● TASK REQUIREMENTS
This exercise calls for all the entries that follow to be set down exactly, without their images.

EXERCISE INPUT Block Start

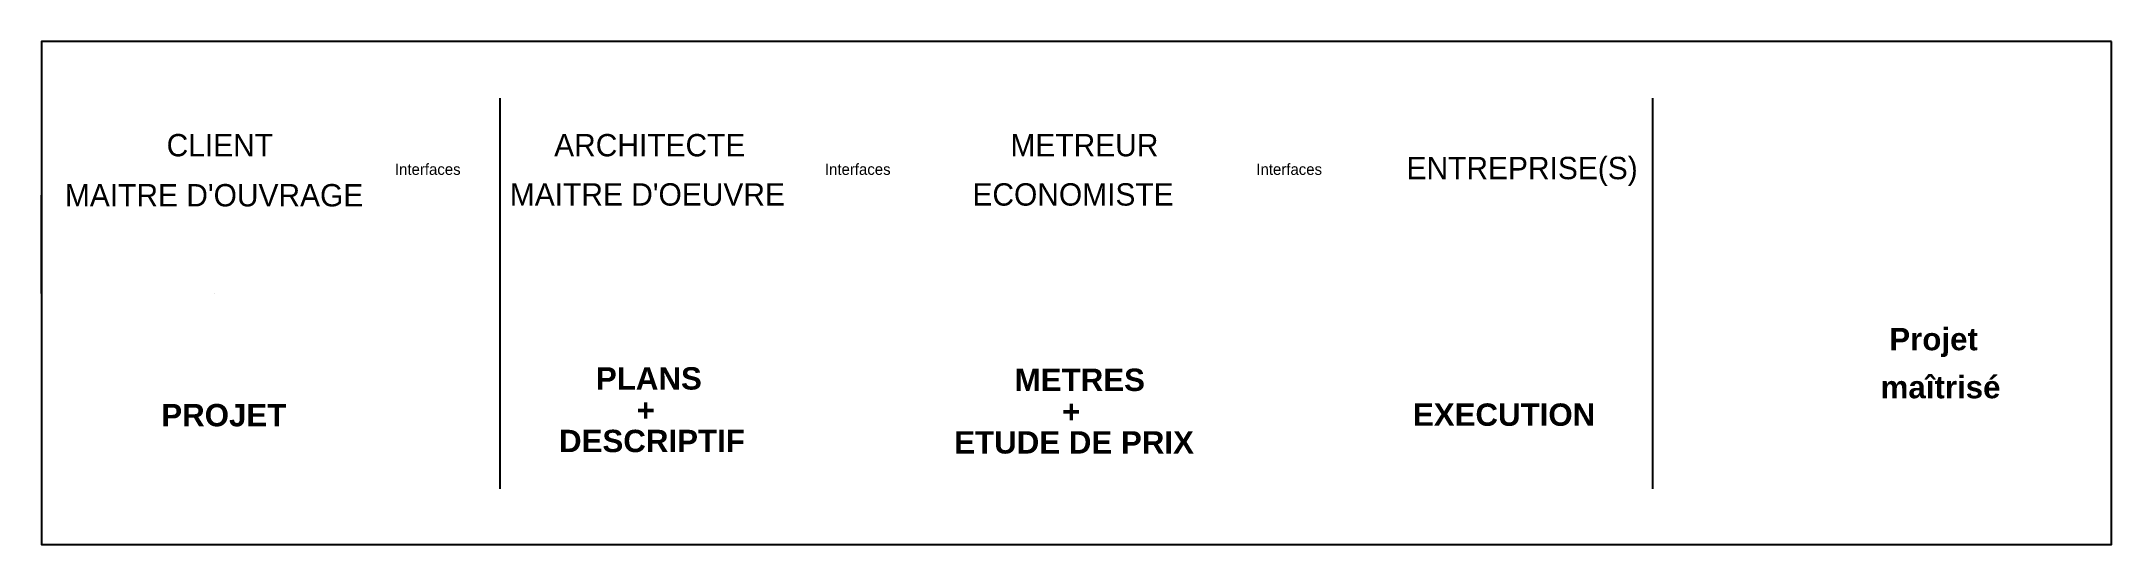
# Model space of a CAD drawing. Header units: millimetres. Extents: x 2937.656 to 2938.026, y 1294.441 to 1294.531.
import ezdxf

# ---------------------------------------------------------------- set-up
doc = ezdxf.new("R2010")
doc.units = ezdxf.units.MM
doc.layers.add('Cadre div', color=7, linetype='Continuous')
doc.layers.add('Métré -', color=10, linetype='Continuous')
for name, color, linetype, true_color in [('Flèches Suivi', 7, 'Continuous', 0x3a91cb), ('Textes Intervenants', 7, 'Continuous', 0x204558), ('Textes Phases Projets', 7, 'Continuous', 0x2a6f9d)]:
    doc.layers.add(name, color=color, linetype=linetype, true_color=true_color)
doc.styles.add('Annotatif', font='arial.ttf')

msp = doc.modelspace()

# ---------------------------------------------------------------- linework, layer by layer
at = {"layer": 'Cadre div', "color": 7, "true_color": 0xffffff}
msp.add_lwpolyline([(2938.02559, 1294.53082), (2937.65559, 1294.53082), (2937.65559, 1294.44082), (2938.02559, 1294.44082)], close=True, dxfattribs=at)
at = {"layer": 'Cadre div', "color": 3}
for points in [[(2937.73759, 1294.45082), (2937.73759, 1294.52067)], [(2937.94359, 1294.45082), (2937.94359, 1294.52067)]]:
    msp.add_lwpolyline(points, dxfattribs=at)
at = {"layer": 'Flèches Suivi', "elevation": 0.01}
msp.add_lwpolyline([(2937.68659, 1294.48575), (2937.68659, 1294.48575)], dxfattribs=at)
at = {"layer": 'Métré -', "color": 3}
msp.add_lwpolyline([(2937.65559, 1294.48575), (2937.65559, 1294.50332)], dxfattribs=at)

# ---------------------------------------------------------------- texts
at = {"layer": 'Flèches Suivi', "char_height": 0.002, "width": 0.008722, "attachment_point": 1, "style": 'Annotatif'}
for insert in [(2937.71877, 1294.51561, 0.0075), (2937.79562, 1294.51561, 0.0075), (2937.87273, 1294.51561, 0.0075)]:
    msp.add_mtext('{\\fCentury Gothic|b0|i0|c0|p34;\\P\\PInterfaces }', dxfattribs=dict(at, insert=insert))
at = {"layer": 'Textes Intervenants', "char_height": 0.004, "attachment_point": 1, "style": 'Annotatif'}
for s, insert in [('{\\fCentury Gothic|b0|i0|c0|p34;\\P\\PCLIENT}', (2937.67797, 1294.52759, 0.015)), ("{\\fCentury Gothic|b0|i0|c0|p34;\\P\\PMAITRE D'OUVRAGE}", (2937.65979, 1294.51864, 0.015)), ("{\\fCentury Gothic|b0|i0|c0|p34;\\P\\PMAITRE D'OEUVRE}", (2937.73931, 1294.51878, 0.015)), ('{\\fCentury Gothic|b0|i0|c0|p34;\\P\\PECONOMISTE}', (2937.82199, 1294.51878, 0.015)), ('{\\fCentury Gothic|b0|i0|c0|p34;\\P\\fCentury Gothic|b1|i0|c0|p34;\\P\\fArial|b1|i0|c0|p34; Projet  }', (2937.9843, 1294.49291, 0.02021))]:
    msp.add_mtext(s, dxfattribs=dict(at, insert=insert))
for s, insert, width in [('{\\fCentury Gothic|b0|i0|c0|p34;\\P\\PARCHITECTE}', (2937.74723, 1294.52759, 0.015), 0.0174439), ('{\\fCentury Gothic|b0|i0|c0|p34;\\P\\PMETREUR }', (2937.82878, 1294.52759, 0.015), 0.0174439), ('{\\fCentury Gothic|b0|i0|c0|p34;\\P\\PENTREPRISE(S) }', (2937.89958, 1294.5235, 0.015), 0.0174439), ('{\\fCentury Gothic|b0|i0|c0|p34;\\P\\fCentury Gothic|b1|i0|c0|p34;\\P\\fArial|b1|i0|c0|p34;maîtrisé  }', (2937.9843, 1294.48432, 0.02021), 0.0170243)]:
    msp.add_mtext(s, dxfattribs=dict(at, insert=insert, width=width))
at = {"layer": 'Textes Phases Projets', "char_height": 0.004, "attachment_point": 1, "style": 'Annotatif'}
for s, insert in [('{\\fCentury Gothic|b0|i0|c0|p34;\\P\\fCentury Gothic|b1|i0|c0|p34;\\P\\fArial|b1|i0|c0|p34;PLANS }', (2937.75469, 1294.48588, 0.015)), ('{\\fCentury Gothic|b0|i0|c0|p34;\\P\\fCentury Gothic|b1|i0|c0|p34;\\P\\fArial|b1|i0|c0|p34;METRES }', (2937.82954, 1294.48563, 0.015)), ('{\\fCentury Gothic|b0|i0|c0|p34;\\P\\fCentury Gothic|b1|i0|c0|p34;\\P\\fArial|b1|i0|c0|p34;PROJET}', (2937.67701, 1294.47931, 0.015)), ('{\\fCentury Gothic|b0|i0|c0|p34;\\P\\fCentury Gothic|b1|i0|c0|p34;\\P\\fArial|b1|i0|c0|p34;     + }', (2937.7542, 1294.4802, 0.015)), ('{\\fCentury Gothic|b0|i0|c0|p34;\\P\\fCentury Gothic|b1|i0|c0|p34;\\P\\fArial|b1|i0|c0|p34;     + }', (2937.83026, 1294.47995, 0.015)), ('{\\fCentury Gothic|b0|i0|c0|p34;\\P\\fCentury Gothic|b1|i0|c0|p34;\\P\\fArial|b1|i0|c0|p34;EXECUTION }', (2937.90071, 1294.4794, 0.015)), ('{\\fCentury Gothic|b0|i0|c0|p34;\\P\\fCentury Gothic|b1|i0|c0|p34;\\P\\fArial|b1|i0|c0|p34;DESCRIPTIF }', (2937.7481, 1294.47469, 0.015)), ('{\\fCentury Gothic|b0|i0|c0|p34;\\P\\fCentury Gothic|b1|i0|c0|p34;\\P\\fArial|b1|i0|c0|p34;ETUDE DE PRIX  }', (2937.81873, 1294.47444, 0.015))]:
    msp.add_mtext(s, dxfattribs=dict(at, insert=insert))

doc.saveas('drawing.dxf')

EXERCISE INPUT Block End

● EXERCISE SOLUTION
# Model space of a CAD drawing. Header units: millimetres. Extents: x 2937.656 to 2938.026, y 1294.441 to 1294.531.
import ezdxf

# ---------------------------------------------------------------- set-up
doc = ezdxf.new("R2010")
doc.units = ezdxf.units.MM
doc.layers.add('Cadre div', color=7, linetype='Continuous')
doc.layers.add('Métré -', color=10, linetype='Continuous')
for name, color, linetype, true_color in [('Flèches Suivi', 7, 'Continuous', 0x3a91cb), ('Textes Intervenants', 7, 'Continuous', 0x204558), ('Textes Phases Projets', 7, 'Continuous', 0x2a6f9d)]:
    doc.layers.add(name, color=color, linetype=linetype, true_color=true_color)
doc.styles.add('Annotatif', font='arial.ttf')

msp = doc.modelspace()

# ---------------------------------------------------------------- linework, layer by layer
at = {"layer": 'Cadre div', "color": 7, "true_color": 0xffffff}
msp.add_lwpolyline([(2938.02559, 1294.53082), (2937.65559, 1294.53082), (2937.65559, 1294.44082), (2938.02559, 1294.44082)], close=True, dxfattribs=at)
at = {"layer": 'Cadre div', "color": 3}
for points in [[(2937.73759, 1294.45082), (2937.73759, 1294.52067)], [(2937.94359, 1294.45082), (2937.94359, 1294.52067)]]:
    msp.add_lwpolyline(points, dxfattribs=at)
at = {"layer": 'Flèches Suivi', "elevation": 0.01}
msp.add_lwpolyline([(2937.68659, 1294.48575), (2937.68659, 1294.48575)], dxfattribs=at)
at = {"layer": 'Métré -', "color": 3}
msp.add_lwpolyline([(2937.65559, 1294.48575), (2937.65559, 1294.50332)], dxfattribs=at)

# ---------------------------------------------------------------- texts
at = {"layer": 'Flèches Suivi', "char_height": 0.002, "width": 0.008722, "attachment_point": 1, "style": 'Annotatif'}
for insert in [(2937.71877, 1294.51561, 0.0075), (2937.79562, 1294.51561, 0.0075), (2937.87273, 1294.51561, 0.0075)]:
    msp.add_mtext('{\\fCentury Gothic|b0|i0|c0|p34;\\P\\PInterfaces }', dxfattribs=dict(at, insert=insert))
at = {"layer": 'Textes Intervenants', "char_height": 0.004, "attachment_point": 1, "style": 'Annotatif'}
for s, insert in [('{\\fCentury Gothic|b0|i0|c0|p34;\\P\\PCLIENT}', (2937.67797, 1294.52759, 0.015)), ("{\\fCentury Gothic|b0|i0|c0|p34;\\P\\PMAITRE D'OUVRAGE}", (2937.65979, 1294.51864, 0.015)), ("{\\fCentury Gothic|b0|i0|c0|p34;\\P\\PMAITRE D'OEUVRE}", (2937.73931, 1294.51878, 0.015)), ('{\\fCentury Gothic|b0|i0|c0|p34;\\P\\PECONOMISTE}', (2937.82199, 1294.51878, 0.015)), ('{\\fCentury Gothic|b0|i0|c0|p34;\\P\\fCentury Gothic|b1|i0|c0|p34;\\P\\fArial|b1|i0|c0|p34; Projet  }', (2937.9843, 1294.49291, 0.02021))]:
    msp.add_mtext(s, dxfattribs=dict(at, insert=insert))
for s, insert, width in [('{\\fCentury Gothic|b0|i0|c0|p34;\\P\\PARCHITECTE}', (2937.74723, 1294.52759, 0.015), 0.0174439), ('{\\fCentury Gothic|b0|i0|c0|p34;\\P\\PMETREUR }', (2937.82878, 1294.52759, 0.015), 0.0174439), ('{\\fCentury Gothic|b0|i0|c0|p34;\\P\\PENTREPRISE(S) }', (2937.89958, 1294.5235, 0.015), 0.0174439), ('{\\fCentury Gothic|b0|i0|c0|p34;\\P\\fCentury Gothic|b1|i0|c0|p34;\\P\\fArial|b1|i0|c0|p34;maîtrisé  }', (2937.9843, 1294.48432, 0.02021), 0.0170243)]:
    msp.add_mtext(s, dxfattribs=dict(at, insert=insert, width=width))
at = {"layer": 'Textes Phases Projets', "char_height": 0.004, "attachment_point": 1, "style": 'Annotatif'}
for s, insert in [('{\\fCentury Gothic|b0|i0|c0|p34;\\P\\fCentury Gothic|b1|i0|c0|p34;\\P\\fArial|b1|i0|c0|p34;PLANS }', (2937.75469, 1294.48588, 0.015)), ('{\\fCentury Gothic|b0|i0|c0|p34;\\P\\fCentury Gothic|b1|i0|c0|p34;\\P\\fArial|b1|i0|c0|p34;METRES }', (2937.82954, 1294.48563, 0.015)), ('{\\fCentury Gothic|b0|i0|c0|p34;\\P\\fCentury Gothic|b1|i0|c0|p34;\\P\\fArial|b1|i0|c0|p34;PROJET}', (2937.67701, 1294.47931, 0.015)), ('{\\fCentury Gothic|b0|i0|c0|p34;\\P\\fCentury Gothic|b1|i0|c0|p34;\\P\\fArial|b1|i0|c0|p34;     + }', (2937.7542, 1294.4802, 0.015)), ('{\\fCentury Gothic|b0|i0|c0|p34;\\P\\fCentury Gothic|b1|i0|c0|p34;\\P\\fArial|b1|i0|c0|p34;     + }', (2937.83026, 1294.47995, 0.015)), ('{\\fCentury Gothic|b0|i0|c0|p34;\\P\\fCentury Gothic|b1|i0|c0|p34;\\P\\fArial|b1|i0|c0|p34;EXECUTION }', (2937.90071, 1294.4794, 0.015)), ('{\\fCentury Gothic|b0|i0|c0|p34;\\P\\fCentury Gothic|b1|i0|c0|p34;\\P\\fArial|b1|i0|c0|p34;DESCRIPTIF }', (2937.7481, 1294.47469, 0.015)), ('{\\fCentury Gothic|b0|i0|c0|p34;\\P\\fCentury Gothic|b1|i0|c0|p34;\\P\\fArial|b1|i0|c0|p34;ETUDE DE PRIX  }', (2937.81873, 1294.47444, 0.015))]:
    msp.add_mtext(s, dxfattribs=dict(at, insert=insert))

doc.saveas('drawing.dxf')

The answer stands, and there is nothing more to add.